# Java Fern and Anubias Nana



## juelz (Feb 9, 2006)

Hello,

I just picked up a Java Fern and 2 Anubias Nana at lfs. I am hearing all sorts of mixed opinions about whether to tie to driftwood, bury roots in gravel, bury roots and rhizome in gravel.

Can someone clarify for me, what is the correct way of doing this? I would rather not tie it to anything I think it looks better buried but do I bury the rhizome and roots or not?

Thanks,


----------



## Ladayen (Jun 20, 2011)

Do not bury the rhizome. Covering the roots is fine.


----------



## lohachata (Jan 27, 2006)

i agree with ladayen..........never ever bury the rhizome..the roots yes...rhizome no...if you bury the rhizome it will be just fine for awhile...but eventually (within a couple of months) it will rot and kill the plant...attach it to a piece of driftwood or a rock with some black cotton sewing thread..by the time the thread rots away the roots will have attached themselves......


----------



## Mystery snail (Mar 26, 2010)

You can also use rubber bands to tie down the Rhizome.
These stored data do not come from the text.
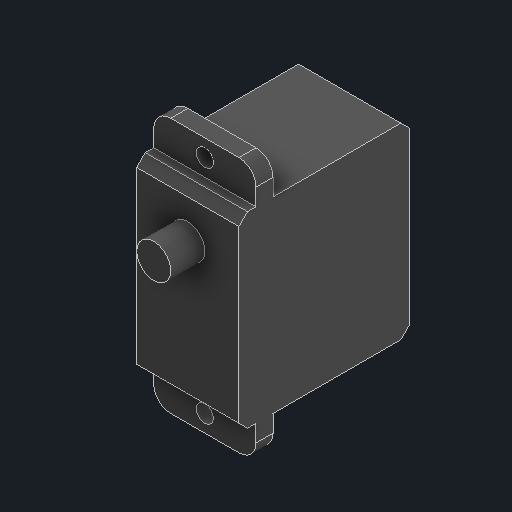
# Autodesk Inventor part: servo
Saved by Autodesk Inventor 2023 (Build 270158030, 158C)
## iProperties
Created: 2022-03-29
Part Number: servo
Material: Generic
Document SubType Name: Modeling
Designer: kardo
Density: 1 g/cm^3
Appearance: Dark Plastic
Author: kardo
Autodesk Inventor part; units mm, degrees
ref_plane "YZ Plane" through (0, 0, 0) normal (1, 0, 0) x (0, 1, 0)
ref_plane "XZ Plane" through (0, 0, 0) normal (0, 1, 0) x (-1, 0, 0)
ref_plane "XY Plane" through (0, 0, 0) normal (0, 0, 1) x (1, 0, 0)
derived "parameters_powertrain.ipt"
sketch "sk_profile" plane through (0, 0, 0) normal (1, 0, 0) x (0, 1, 0)
  line L0 (0, 28.8) -> (0, -4.8) construction
  line L1 (-21, 0) -> (21, 0) construction
  line L2 (-11, 20) -> (11, 20)
  line L3 (11, 20) -> (11, 18)
  line L4 (11, 18) -> (15, 18)
  line L5 (-11, 20) -> (-11, 18)
  line L6 (-11, 18) -> (-15, 18)
  line L7 (-15, 18) -> (-15, 16)
  line L8 (-15, 16) -> (-11, 16)
  line L9 (-11, 16) -> (-11, 0)
  line L10 (15, 18) -> (15, 16)
  line L11 (15, 16) -> (11, 16)
  line L12 (11, 16) -> (11, 0)
  line L13 (-11, 0) -> (11, 0)
  line L14 (5.5, 20) -> (5.5, 24) construction
  point P0 (0, 0)
  dimension "d2" = 22
  dimension "d3" = 24
  dimension "d4" = 4
  dimension "d5" = 4
  dimension "d6" = 16
  dimension "d7" = 2
  dimension "d8" = 5.5
  constraints: 26 end point, 9 parallel, 5 collinear, 4 point on line, 1 coincident, 1 other
  measures "d2" distance between parallel lines of L12 L9
  measures "d3" distance from line of L1 L14.end
  measures "d4" distance of L14.start L14.end
  measures "d5" distance of L5.end L6.end
  measures "d6" distance between parallel lines of L13 L8
  measures "d7" distance of L6.end L7.end
  measures "d8" distance between parallel lines of L14 L0
extrude "depth" add sketch "sk_profile" along normal mid plane 12
sketch "sk_shaft" plane through (-6, -11, 20) normal (0, 0, 1) x (1, 0, 0)
  circle A0 centre (6, 16.5) radius 2
  point P0 (6, 11)
  dimension "d25" = 4
  constraints: 1 centre point, 1 coincident
  measures "d25" diameter of A0
extrude "shaft" add sketch "sk_shaft" along normal up to surface (4 mm away)
chamfer "chamfer_top" distance 1 angle 45 2 edges at (0, 11, 20) (0, -11, 20)
chamfer "chamfer_bottom" distance 1 angle 45 2 edges at (0, 11, 0) (0, -11, 0)
sketch "sk_drill" plane through (0, 0, 0) normal (0, 0, 1) x (1, 0, 0)
  line L0 (0, -18.2) -> (0, 18.2) construction
  line L1 (-18.2, 0) -> (18.2, 0) construction
  line L2 (0, -13) -> (0, 13) construction
  point P0 (0, 0)
  point P1 (0, 0)
  dimension "d17" = 26
  constraints: 2 coincident, 2 end point, 2 midpoint, 2 point on line
  measures "d17" distance of point (0, 13) point (0, -13)
hole "drill_pad" at (0, -13, 0) at (0, 13, 0) direction (0, 0, 1) diameter 2 end through all both
fillet "round_pads" radius 2 4 edges at (6, 15, 17) (-6, 15, 17) (6, -15, 17) (-6, -15, 17)
equation "\"d2\" = servo_width"
equation "\"d3\" = servo_height"
equation "\"d5\" = servo_pad_width"
equation "\"d6\" = servo_pad_height"
equation "\"d8\" = servo_shaft_offset"
equation "\"d9\" = servo_depth"
equation "\"d17\" = servo_width + 2 * servo_pad_drill_outset"
equation "\"d18\" = servo_pad_drill_diam"
equation "\"servo_width\" = 22"
equation "\"servo_height\" = 24"
equation "\"servo_pad_width\" = 4"
equation "\"servo_pad_height\" = 16"
equation "\"servo_shaft_offset\" = 5.5"
equation "\"servo_depth\" = 12"
equation "\"servo_pad_drill_diam\" = 2"
equation "\"servo_pad_drill_outset\" = 2"
body "Solid1"
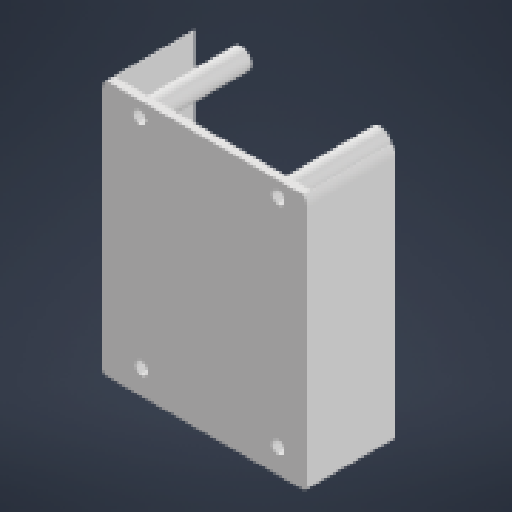
# Autodesk Inventor part: case-top
Saved by Autodesk Inventor 2026.2 (Build 302298000, 298)
## iProperties
Created: 2026-05-31
Part Number: case-top
Material: Generic
Document SubType Name: Modeling
Designer: FromDarkHell
Density: 1 g/cm^3
Appearance: Default
Author: FromDarkHell
Autodesk Inventor part; units mm, degrees
ref_plane "YZ Plane" through (0, 0, 0) normal (1, 0, 0) x (0, 1, 0)
ref_plane "XZ Plane" through (0, 0, 0) normal (0, 1, 0) x (-1, 0, 0)
sketch "Sketch1" plane through (0, 0, 0) normal (0, 0, 1) x (1, 0, 0)
  circle A0 centre (-41.65, 59.825) radius 1.6 projected
  circle A1 centre (-41.15, 6.075) radius 1.6 projected
  circle A2 centre (-7.15, 59.825) radius 1.6 projected
  circle A3 centre (-7.15, 6.075) radius 1.6 projected
  line L0 (-1, 63.5) -> (-1, 0) projected
  line L1 (-1, 63.5) -> (-49.8, 63.5) projected
  line L2 (-49.8, 0) -> (-49.8, 63.5) projected
  line L3 (-1, 0) -> (-49.8, 0) projected
  ellipse E0 centre (-49.8, 61.0858) end of major axis (-49.8, 63.5) minor radius 1 (-49.8, 63.5) -> (-50.8, 61.0858) ccw projected
  line L4 (-50.8, 61.0858) -> (-50.8, 1) projected
  arc A4 (-50.8, 1) -> (-49.8, 0) centre (-49.8, 1) ccw projected
  arc A5 (-1, 0) -> (0, 1) centre (-1, 1) ccw projected
  line L5 (0, 1) -> (0, 61.0858) projected
  ellipse E1 centre (-1, 61.0858) end of major axis (-1, 58.6716) minor radius 1 (0, 61.0858) -> (-1, 63.5) ccw projected
  line L6 (-48.9, 5.825) -> (-48.9, 59.5) projected
  arc A6 (-44.9, 63.5) -> (-48.9, 59.5) centre (-44.9, 59.5) ccw projected
  arc A7 (-1.9, 59.5) -> (-5.9, 63.5) centre (-5.9, 59.5) ccw projected
  line L7 (-1.9, 59.5) -> (-1.9, 5.825) projected
  arc A8 (-48.9, 5.825) -> (-44.9, 1.825) centre (-44.9, 5.825) ccw projected
  line L8 (-5.9, 1.825) -> (-44.9, 1.825) projected
  arc A9 (-5.9, 1.825) -> (-1.9, 5.825) centre (-5.9, 5.825) ccw projected
  line L9 (-49.8, 1) -> (-1, 1)
  point P0 (0, 0)
  constraints: 2 end point, 1 parallel, 2 other
extrude "Extrusion1" add sketch "Sketch1" along normal blind 20 contours E1 L5 A5 L0 | L0 L3 L2 L9 | L2 A4 L4 E0
sketch "Sketch2" plane through (0, 0, 20) normal (0, 0, 1) x (1, 0, 0)
  line L0 (-1, 63.5) -> (-49.8, 63.5) projected
  ellipse E0 centre (-49.8, 61.0858) end of major axis (-49.8, 63.5) minor radius 1 (-49.8, 63.5) -> (-50.8, 61.0858) ccw projected
  line L1 (-49.8, 0) -> (-1, 0) projected
  arc A0 (-1, 0) -> (0, 1) centre (-1, 1) ccw projected
  line L2 (0, 1) -> (0, 61.0858) projected
  ellipse E1 centre (-1, 61.0858) end of major axis (-1, 58.6716) minor radius 1 (0, 61.0858) -> (-1, 63.5) ccw projected
  line L3 (-1, 63.5) -> (-1, 1) projected
  line L4 (-1, 1) -> (-49.8, 1) projected
  line L5 (-49.8, 1) -> (-49.8, 63.5) projected
  ellipse E2 centre (-49.8, 61.0858) end of major axis (-49.8, 63.5) minor radius 1 (-49.8, 63.5) -> (-50.8, 61.0858) ccw projected
  line L6 (-50.8, 61.0858) -> (-50.8, 1) projected
  arc A1 (-50.8, 1) -> (-49.8, 0) centre (-49.8, 1) ccw projected
  arc A2 (-44.9, 63.5) -> (-48.9, 59.5) centre (-44.9, 59.5) ccw projected
  arc A3 (-1.9, 59.5) -> (-5.9, 63.5) centre (-5.9, 59.5) ccw projected
  line L7 (-48.9, 59.5) -> (-49.8, 59.5)
  line L8 (-1.9, 59.5) -> (-1, 59.5)
  line L9 (-1.9, 59.5) -> (-48.9, 59.5)
  line L10 (-5.9, 1.825) -> (-44.9, 1.825) projected
  line L11 (-44.9, 1.825) -> (-49.8, 1.825)
  line L12 (-5.9, 1.825) -> (-1, 1.825)
  point P0 (0, 0)
  constraints: 10 end point, 6 point on line, 2 perpendicular, 1 collinear, 3 other
extrude "Extrusion2" add sketch "Sketch2" along normal blind 2
sketch "Sketch3" plane through (0, 0, 22) normal (0, 0, 1) x (1, 0, 0)
  circle A0 centre (-41.65, 59.825) radius 1.6 projected
  circle A1 centre (-7.15, 59.825) radius 1.6 projected
  circle A2 centre (-7.15, 6.075) radius 1.6 projected
  circle A3 centre (-41.15, 6.075) radius 1.6 projected
  point P0 (0, 0)
extrude "Extrusion3" cut sketch "Sketch3" against normal through all
ref_plane "Work Plane1" through (-49.495, 1.3716, 1.51) normal (0, 0, 1) x (1, 0, 0)
sketch "Sketch4" plane through (0, 0, 22) normal (0, 0, 1) x (1, 0, 0)
  circle A0 centre (-41.65, 59.825) radius 1.6 projected
  circle A1 centre (-41.15, 6.075) radius 1.6 projected
  circle A2 centre (-7.15, 6.075) radius 1.6 projected
  circle A3 centre (-7.15, 59.825) radius 1.6 projected
  circle A4 centre (-41.65, 59.825) radius 2.6
  circle A5 centre (-7.15, 59.825) radius 2.6
  circle A6 centre (-7.15, 6.075) radius 2.6
  circle A7 centre (-41.15, 6.075) radius 2.6
  point P0 (0, 0)
  dimension "d10" = 1
  dimension "d11" = 1
  dimension "d12" = 1
  dimension "d13" = 1
  constraints: 4 centre point
  measures "d10" radial gap between concentric circles of A0 A4
  measures "d11" radial gap between concentric circles of A3 A5
  measures "d12" radial gap between concentric circles of A2 A6
  measures "d13" radial gap between concentric circles of A1 A7
extrude "Extrusion4" add sketch "Sketch4" against normal up to surface (20.49 mm away)
body "Solid1"

I have two Anubias Nana that have attached themselves via elastic bands, and my Java Ferns are somewhat new. I just think elastic bands are easier to work with. Now if you're talking Java Moss (another great low light plant) it also can be tied down to rocks or driftwood, however thread ot fishing line is what you should use. I tried rubber bands and it was choking the moss.


----------